Computing Randomness

From: <>
Date: Thu, 22 Mar 2001 09:40:27 +0100

Where does all the randomness come from?

Many physicists would be content with a statistical theory of everything
(TOE) based on simple probabilistic physical laws allowing for stochastic
predictions such as "We do not know where this particular electron will
be in the next nanosecond, but with probability 0.04 we will find it in a
certain volume V".

Any source of randomness, however, leaves us with an unsatisfactory
TOE, since randomness does not have a compact or simple explanation, by
definition. Where does the enormous information conveyed by a particular
history of random events come from? A TOE that cannot explain this
is incomplete.

The in hindsight obvious solution is an "ensemble TOE" which covers all
possible universe histories. The ensemble conveys less information than
most particular histories - one main motivation of this mailing list.

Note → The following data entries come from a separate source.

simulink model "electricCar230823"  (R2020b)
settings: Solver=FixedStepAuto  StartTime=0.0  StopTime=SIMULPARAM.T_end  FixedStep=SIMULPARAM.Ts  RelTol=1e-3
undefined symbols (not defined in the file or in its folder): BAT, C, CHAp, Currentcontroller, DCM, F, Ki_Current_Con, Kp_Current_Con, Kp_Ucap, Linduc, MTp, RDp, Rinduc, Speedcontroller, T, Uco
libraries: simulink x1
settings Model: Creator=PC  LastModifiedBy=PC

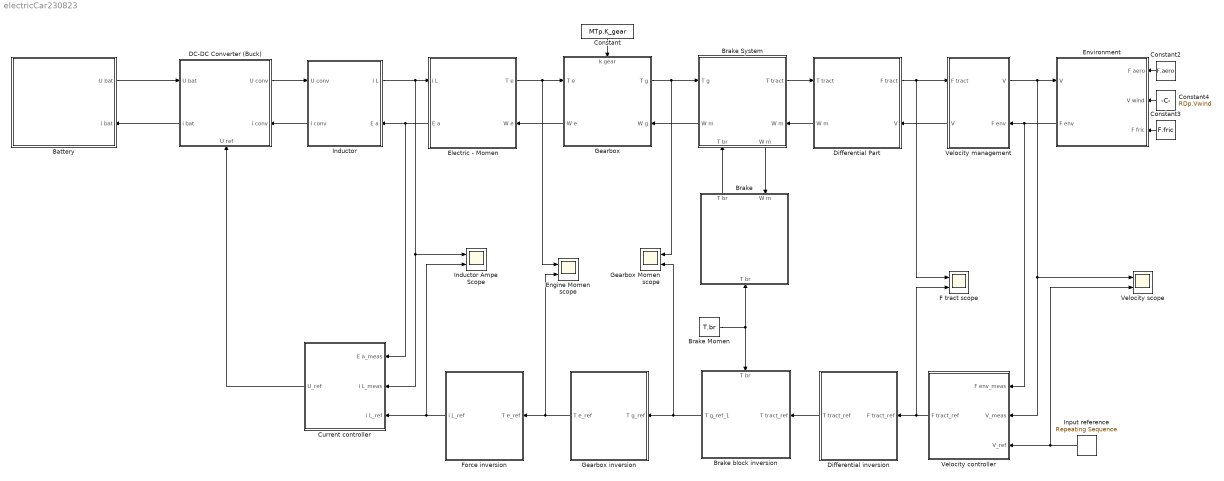
== system electricCar230823 ==
  Battery : Subsystem
      settings: PortSchema="{\"entries\":[{\"content\":{\"sides\":[{\"content\":{\"connectorIds\":[]},\"type\":\"ConnectorPlacement.EquallySpacedRectSide\",\"uuid\":\"1728278d-2efb-45d4-8f99-b2a86feaa846\"},{\"content\":{\"connectorIds\":[\"Out1\",\"In1\"],\"side\":\"RIGHT\"},\"type\":\"ConnectorPlacement.EquallySpacedRectSide\",\"uuid\":\"72e7f82c-4a4c-4bdc-a479-895fa91bb5d6\"},{\"content\":{\"connectorIds\":[],\"side\":\"TOP\"},\"type\":\"ConnectorPlacement.EquallySpacedRectSide\",\"uuid\":\"4ecd59fb-c886-47cd-9c71-6f362398ed11\"},{\"content\":{\"connectorIds\":[],\"side\":\"HIDDEN\"},\"type\":\"ConnectorPlacement.EquallySpacedRectSide\",\"uuid\":\"481497fe-ed83-4130-bda0-6381f15eb2c9\"}]},\"type\":\"ConnectorPlacement.EquallySpacedConnector\",\"uuid\":\"ea3c396a-3ef7-43d2-bef5-b2521c5226f8\"}],\"packageUris\":[\"http://schema.mathworks.com/mf0/Connector/R2020b\"],\"version\":\"1.0\"}"
      mask Display:
      | plot(0,0,100,100, 1.2*[50,57.68,60.77,63.08,64.97,66.58,68,69.26,70.4, 	71.42,72.36,78.28,80,78.28,72.36,71.42,70.4, 	69.26,68,66.58,64.97,63.08,60.77,57.68,50,42.32, 	39.23,36.92,35.03,33.42,32,30.74,29.6,28.58, 	27.64,21.72,20,21.72,27.64,28.58,29.6,30.74,32, 	33.42,35.03,36.92,39.23,42.32,50]-10, 1.2*[20,21,22,23,24,25,26,27,28,29,30,40,50,60,70,71,72, 	73,74,75,76,77,78,79,80,79,78,77,76,75,74,73,72, 	71,70,60,50,40,30,29,28,27,26,25,24,23,22,21,20]-10)
      | disp('ES')
  Brake : Subsystem
      settings: PortSchema="{\"entries\":[{\"content\":{\"sides\":[{\"content\":{\"connectorIds\":[\"In1\",\"Out1\"]},\"type\":\"ConnectorPlacement.EquallySpacedRectSide\",\"uuid\":\"1728278d-2efb-45d4-8f99-b2a86feaa846\"},{\"content\":{\"connectorIds\":[\"In2\"],\"side\":\"RIGHT\"},\"type\":\"ConnectorPlacement.EquallySpacedRectSide\",\"uuid\":\"72e7f82c-4a4c-4bdc-a479-895fa91bb5d6\"},{\"content\":{\"connectorIds\":[],\"side\":\"TOP\"},\"type\":\"ConnectorPlacement.EquallySpacedRectSide\",\"uuid\":\"4ecd59fb-c886-47cd-9c71-6f362398ed11\"},{\"content\":{\"connectorIds\":[],\"side\":\"HIDDEN\"},\"type\":\"ConnectorPlacement.EquallySpacedRectSide\",\"uuid\":\"481497fe-ed83-4130-bda0-6381f15eb2c9\"}]},\"type\":\"ConnectorPlacement.EquallySpacedConnector\",\"uuid\":\"ea3c396a-3ef7-43d2-bef5-b2521c5226f8\"}],\"packageUris\":[\"http://schema.mathworks.com/mf0/Connector/R2020b\"],\"version\":\"1.0\"}"
      mask Display:
      | plot(0,0,100,100, 1.2*[50,57.68,60.77,63.08,64.97,66.58,68,69.26,70.4, 	71.42,72.36,78.28,80,78.28,72.36,71.42,70.4, 	69.26,68,66.58,64.97,63.08,60.77,57.68,50,42.32, 	39.23,36.92,35.03,33.42,32,30.74,29.6,28.58, 	27.64,21.72,20,21.72,27.64,28.58,29.6,30.74,32, 	33.42,35.03,36.92,39.23,42.32,50]-10, 1.2*[20,21,22,23,24,25,26,27,28,29,30,40,50,60,70,71,72, 	73,74,75,76,77,78,79,80,79,78,77,76,75,74,73,72, 	71,70,60,50,40,30,29,28,27,26,25,24,23,22,21,20]-10)
      | disp('MS')
  Brake Momen : Constant  Value=T.br
  Brake System : Subsystem  mask(CM){}
      settings: PortSchema="{\"entries\":[{\"content\":{\"sides\":[{\"content\":{\"connectorIds\":[\"In1\",\"Out3\"]},\"type\":\"ConnectorPlacement.EquallySpacedRectSide\",\"uuid\":\"62bc74ff-9f0a-435b-bbdb-72403e9cc1db\"},{\"content\":{\"connectorIds\":[\"Out1\",\"In3\"],\"side\":\"RIGHT\"},\"type\":\"ConnectorPlacement.EquallySpacedRectSide\",\"uuid\":\"e16e9817-8001-4871-9942-49d69e9da80f\"},{\"content\":{\"connectorIds\":[],\"side\":\"TOP\"},\"type\":\"ConnectorPlacement.EquallySpacedRectSide\",\"uuid\":\"0e99ecee-f353-402b-98e6-e62629e3b5c0\"},{\"content\":{\"connectorIds\":[\"In2\",\"Out2\"],\"side\":\"BOTTOM\"},\"type\":\"ConnectorPlacement.EquallySpacedRectSide\",\"uuid\":\"3f9b191f-4efa-4e46-9672-1631f2ad3889\"},{\"content\":{\"connectorIds\":[],\"side\":\"HIDDEN\"},\"type\":\"ConnectorPlacement.EquallySpacedRectSide\",\"uuid\":\"eab2a9d2-f7eb-47b5-b573-a1d51d411443\"}]},\"type\":\"ConnectorPlacement.EquallySpacedConnector\",\"uuid\":\"edb337c0-73db-4b78-b52e-7735544c1492\"}],\"packageUris\":[\"http://schema.mathworks.com/mf0/Connector/R2020b\"],\"version\":\"1.0\"}"
      mask Display: plot(0,0,100,100,[35,35,95,95,35],[65,10,10,65,65], [5,5,65,65,5],[90,35,35,90,90])
  "Brake block inversion " : Subsystem
      settings: PortSchema="{\"entries\":[{\"content\":{\"sides\":[{\"content\":{\"connectorIds\":[\"In1\"]},\"type\":\"ConnectorPlacement.EquallySpacedRectSide\",\"uuid\":\"730055a7-c930-4640-a945-75cf3ba3ff6f\"},{\"content\":{\"connectorIds\":[\"Out1\"],\"side\":\"RIGHT\"},\"type\":\"ConnectorPlacement.EquallySpacedRectSide\",\"uuid\":\"ff5124cd-06d0-417f-b0e4-eab59cd93227\"},{\"content\":{\"connectorIds\":[\"In2\"],\"side\":\"TOP\"},\"type\":\"ConnectorPlacement.EquallySpacedRectSide\",\"uuid\":\"dac7e156-045e-4392-b76a-344f17dcf5dc\"},{\"content\":{\"connectorIds\":[],\"side\":\"HIDDEN\"},\"type\":\"ConnectorPlacement.EquallySpacedRectSide\",\"uuid\":\"42e29ba6-0723-44e9-ba7d-78428fe859ea\"}]},\"type\":\"ConnectorPlacement.EquallySpacedConnector\",\"uuid\":\"81c30e31-29e4-493d-8a58-533eb4e50f51\"}],\"packageUris\":[\"http://schema.mathworks.com/mf0/Connector/R2020b\"],\"version\":\"1.0\"}"
      mask Display: plot(0,0,100,100,[20,40,100,80,20],[75,20,20,75,75], [0,20,80,60,0],[85,30,30,85,85])
  Constant : Constant  Value=MTp.K_gear
  Constant2 : Constant  Value=F.aero
  Constant3 : Constant  Value=F.fric
  Constant4 : Constant  Value=RDp.Vwind
  Current controller : Subsystem
      mask Display: plot(0,0,100,100, [10,30,90,70,10,90],[90,10,10,90,90,10])
  DC-DC Converter (Buck) : Subsystem
      settings: PortSchema="{\"entries\":[{\"content\":{\"sides\":[{\"content\":{\"connectorIds\":[\"In1\",\"Out2\"]},\"type\":\"ConnectorPlacement.EquallySpacedRectSide\",\"uuid\":\"f2e25d2c-aa7f-4861-8c3a-38af6928b037\"},{\"content\":{\"connectorIds\":[\"Out1\",\"In3\"],\"side\":\"RIGHT\"},\"type\":\"ConnectorPlacement.EquallySpacedRectSide\",\"uuid\":\"82b8127f-d667-4684-9845-8beb7a647838\"},{\"content\":{\"connectorIds\":[],\"side\":\"TOP\"},\"type\":\"ConnectorPlacement.EquallySpacedRectSide\",\"uuid\":\"76c3910b-3260-4deb-ab83-4fcb3794542a\"},{\"content\":{\"connectorIds\":[\"In2\"],\"side\":\"BOTTOM\"},\"type\":\"ConnectorPlacement.EquallySpacedRectSide\",\"uuid\":\"340d5235-774f-48d9-bcc2-670650272594\"},{\"content\":{\"connectorIds\":[],\"side\":\"HIDDEN\"},\"type\":\"ConnectorPlacement.EquallySpacedRectSide\",\"uuid\":\"3b8b73f1-b23a-4cba-8ed6-bcf75c8f378e\"}]},\"type\":\"ConnectorPlacement.EquallySpacedConnector\",\"uuid\":\"8076e3c1-f844-447c-82cb-af3927bb8eb4\"}],\"packageUris\":[\"http://schema.mathworks.com/mf0/Connector/R2020b\"],\"version\":\"1.0\"}"
  Differential Part : Subsystem
      settings: PortSchema="{\"entries\":[{\"content\":{\"sides\":[{\"content\":{\"connectorIds\":[\"In1\",\"Out2\"]},\"type\":\"ConnectorPlacement.EquallySpacedRectSide\",\"uuid\":\"b394e922-8364-4918-bac2-7f5831442eb0\"},{\"content\":{\"connectorIds\":[\"Out1\",\"In2\"],\"side\":\"RIGHT\"},\"type\":\"ConnectorPlacement.EquallySpacedRectSide\",\"uuid\":\"e0445a5e-fdf7-4c21-a205-54d904cb27ed\"},{\"content\":{\"connectorIds\":[],\"side\":\"TOP\"},\"type\":\"ConnectorPlacement.EquallySpacedRectSide\",\"uuid\":\"c34109ca-a85d-4763-b4ce-c9c887f4fb15\"},{\"content\":{\"connectorIds\":[],\"side\":\"HIDDEN\"},\"type\":\"ConnectorPlacement.EquallySpacedRectSide\",\"uuid\":\"2368fea2-69ff-4966-ae44-ff953213b5b6\"}]},\"type\":\"ConnectorPlacement.EquallySpacedConnector\",\"uuid\":\"11143b87-4d9b-4f42-a2c1-62596b1f3291\"}],\"packageUris\":[\"http://schema.mathworks.com/mf0/Connector/R2020b\"],\"version\":\"1.0\"}"
      mask Display: plot(0,0,100,100, 1.4*[50,57.68,60.77,63.08,64.97,66.58,68,69.26,70.4, 	71.42,72.36,78.28,80,78.28,72.36,71.42,70.4, 	69.26,68,66.58,64.97,63.08,60.77,57.68,50,42.32, 	39.23,36.92,35.03,33.42,32,30.74,29.6,28.58, 	27.64,21.72,20,21.72,27.64,28.58,29.6,30.74,32, 	33.42,35.03,36.92,39.23,42.32,50]-20, 1.4*[20,21,22,23,24,25,26,27,28,29,30,40,50,60,70,71,72, 	73,74,75,76,77,78,79,80,79,78,77,76,75,74,73,72, 	71,70,60,50,40,30,29,28,27,26,25,24,23,22,21,20]-20)
  Differential inversion : Subsystem
      mask Display: plot(0,0,100,100,[10,30,90,70,10],[90,10,10,90,90])
  Electric - Momen : Subsystem
      settings: PortSchema="{\"entries\":[{\"content\":{\"sides\":[{\"content\":{\"connectorIds\":[\"In1\",\"Out2\"]},\"type\":\"ConnectorPlacement.EquallySpacedRectSide\",\"uuid\":\"b394e922-8364-4918-bac2-7f5831442eb0\"},{\"content\":{\"connectorIds\":[\"Out1\",\"In2\"],\"side\":\"RIGHT\"},\"type\":\"ConnectorPlacement.EquallySpacedRectSide\",\"uuid\":\"e0445a5e-fdf7-4c21-a205-54d904cb27ed\"},{\"content\":{\"connectorIds\":[],\"side\":\"TOP\"},\"type\":\"ConnectorPlacement.EquallySpacedRectSide\",\"uuid\":\"c34109ca-a85d-4763-b4ce-c9c887f4fb15\"},{\"content\":{\"connectorIds\":[],\"side\":\"HIDDEN\"},\"type\":\"ConnectorPlacement.EquallySpacedRectSide\",\"uuid\":\"2368fea2-69ff-4966-ae44-ff953213b5b6\"}]},\"type\":\"ConnectorPlacement.EquallySpacedConnector\",\"uuid\":\"11143b87-4d9b-4f42-a2c1-62596b1f3291\"}],\"packageUris\":[\"http://schema.mathworks.com/mf0/Connector/R2020b\"],\"version\":\"1.0\"}"
      mask Display: plot(0,0,100,100, 1.4*[50,57.68,60.77,63.08,64.97,66.58,68,69.26,70.4, 	71.42,72.36,78.28,80,78.28,72.36,71.42,70.4, 	69.26,68,66.58,64.97,63.08,60.77,57.68,50,42.32, 	39.23,36.92,35.03,33.42,32,30.74,29.6,28.58, 	27.64,21.72,20,21.72,27.64,28.58,29.6,30.74,32, 	33.42,35.03,36.92,39.23,42.32,50]-20, 1.4*[20,21,22,23,24,25,26,27,28,29,30,40,50,60,70,71,72, 	73,74,75,76,77,78,79,80,79,78,77,76,75,74,73,72, 	71,70,60,50,40,30,29,28,27,26,25,24,23,22,21,20]-20)
  Engine Momen scope : Scope  NumInputPorts=2
  Environment : Subsystem
      settings: PortSchema="{\"entries\":[{\"content\":{\"sides\":[{\"content\":{\"connectorIds\":[\"In1\",\"Out1\"]},\"type\":\"ConnectorPlacement.EquallySpacedRectSide\",\"uuid\":\"1728278d-2efb-45d4-8f99-b2a86feaa846\"},{\"content\":{\"connectorIds\":[\"In2\",\"In3\",\"In4\"],\"side\":\"RIGHT\"},\"type\":\"ConnectorPlacement.EquallySpacedRectSide\",\"uuid\":\"72e7f82c-4a4c-4bdc-a479-895fa91bb5d6\"},{\"content\":{\"connectorIds\":[],\"side\":\"TOP\"},\"type\":\"ConnectorPlacement.EquallySpacedRectSide\",\"uuid\":\"4ecd59fb-c886-47cd-9c71-6f362398ed11\"},{\"content\":{\"connectorIds\":[],\"side\":\"BOTTOM\"},\"type\":\"ConnectorPlacement.EquallySpacedRectSide\",\"uuid\":\"f99f3cdf-333c-494c-9d28-40c67ff9c903\"},{\"content\":{\"connectorIds\":[],\"side\":\"HIDDEN\"},\"type\":\"ConnectorPlacement.EquallySpacedRectSide\",\"uuid\":\"481497fe-ed83-4130-bda0-6381f15eb2c9\"}]},\"type\":\"ConnectorPlacement.EquallySpacedConnector\",\"uuid\":\"ea3c396a-3ef7-43d2-bef5-b2521c5226f8\"}],\"packageUris\":[\"http://schema.mathworks.com/mf0/Connector/R2020b\"],\"version\":\"1.0\"}"
      mask Display:
      | plot(0,0,100,100, 1.2*[50,57.68,60.77,63.08,64.97,66.58,68,69.26,70.4, 	71.42,72.36,78.28,80,78.28,72.36,71.42,70.4, 	69.26,68,66.58,64.97,63.08,60.77,57.68,50,42.32, 	39.23,36.92,35.03,33.42,32,30.74,29.6,28.58, 	27.64,21.72,20,21.72,27.64,28.58,29.6,30.74,32, 	33.42,35.03,36.92,39.23,42.32,50]-10, 1.2*[20,21,22,23,24,25,26,27,28,29,30,40,50,60,70,71,72, 	73,74,75,76,77,78,79,80,79,78,77,76,75,74,73,72, 	71,70,60,50,40,30,29,28,27,26,25,24,23,22,21,20]-10)
      | disp('MS')
  F tract scope : Scope  NumInputPorts=2
  Force inversion : Subsystem
      mask Display: plot(0,0,100,100,[10,30,90,70,10],[90,10,10,90,90])
  Gearbox : Subsystem  mask(Hacheur){}
      settings: PortSchema="{\"entries\":[{\"content\":{\"sides\":[{\"content\":{\"connectorIds\":[\"In1\",\"Out2\"]},\"type\":\"ConnectorPlacement.EquallySpacedRectSide\",\"uuid\":\"d88878b3-8f90-4ef1-90e8-2bd7cd7a4565\"},{\"content\":{\"connectorIds\":[\"Out1\",\"In3\"],\"side\":\"RIGHT\"},\"type\":\"ConnectorPlacement.EquallySpacedRectSide\",\"uuid\":\"d9733dfd-1e25-499b-80f7-04f083537083\"},{\"content\":{\"connectorIds\":[\"In2\"],\"side\":\"TOP\"},\"type\":\"ConnectorPlacement.EquallySpacedRectSide\",\"uuid\":\"7063ddce-722e-4bc9-ac26-cf4ab5e61559\"},{\"content\":{\"connectorIds\":[],\"side\":\"BOTTOM\"},\"type\":\"ConnectorPlacement.EquallySpacedRectSide\",\"uuid\":\"2850ab80-1d34-4652-9b8a-8e0e6fbc5749\"},{\"content\":{\"connectorIds\":[],\"side\":\"HIDDEN\"},\"type\":\"ConnectorPlacement.EquallySpacedRectSide\",\"uuid\":\"288ff06e-21e8-474f-a776-208acbd15993\"}]},\"type\":\"ConnectorPlacement.EquallySpacedConnector\",\"uuid\":\"1890fa73-b710-46d0-95bc-083b3bceb9fd\"}],\"packageUris\":[\"http://schema.mathworks.com/mf0/Connector/R2020b\"],\"version\":\"1.0\"}"
      mask Display: plot(0,0,100,100,[10,10,90,90,10],[90,10,10,90,90])
  Gearbox Momen scope : Scope  NumInputPorts=2
  Gearbox inversion : Subsystem
      mask Display: plot(0,0,100,100,[10,30,90,70,10],[90,10,10,90,90])
  Inductor : Subsystem  mask(CM){}
      settings: PortSchema="{\"entries\":[{\"content\":{\"sides\":[{\"content\":{\"connectorIds\":[\"In1\",\"Out2\"]},\"type\":\"ConnectorPlacement.EquallySpacedRectSide\",\"uuid\":\"b394e922-8364-4918-bac2-7f5831442eb0\"},{\"content\":{\"connectorIds\":[\"Out1\",\"In2\"],\"side\":\"RIGHT\"},\"type\":\"ConnectorPlacement.EquallySpacedRectSide\",\"uuid\":\"e0445a5e-fdf7-4c21-a205-54d904cb27ed\"},{\"content\":{\"connectorIds\":[],\"side\":\"TOP\"},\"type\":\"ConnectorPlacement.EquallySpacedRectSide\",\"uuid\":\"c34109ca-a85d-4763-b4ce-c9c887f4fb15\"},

Which are the possible histories? Let us focus on well-defined ensembles
only, and ignore those that cannot be sufficiently specified to permit
reconstruction through a formally describable computer. In particular,
we may ignore uncountable ensembles such as continua, or other ensembles
including histories without finite descriptions.

Is there an optimally efficient way of computing all the "randomness" in
all the describable (possibly infinite) universe histories? Yes, there
is. There exists a machine-independent ensemble-generating algorithm
called FAST that computes any history essentially as quickly as this
history's fastest algorithm. Somewhat surprisingly, FAST is not slowed
down much by the simultaneous computation of all the other histories.

It turns out, however, that for any given history there is a speed
limit which greatly depends on the history's degree of randomness.
Highly random histories are extremely hard to compute, even by the optimal
algorithm FAST. Each new bit of a truly random history requires at least
twice the time required for computing the entire previous history.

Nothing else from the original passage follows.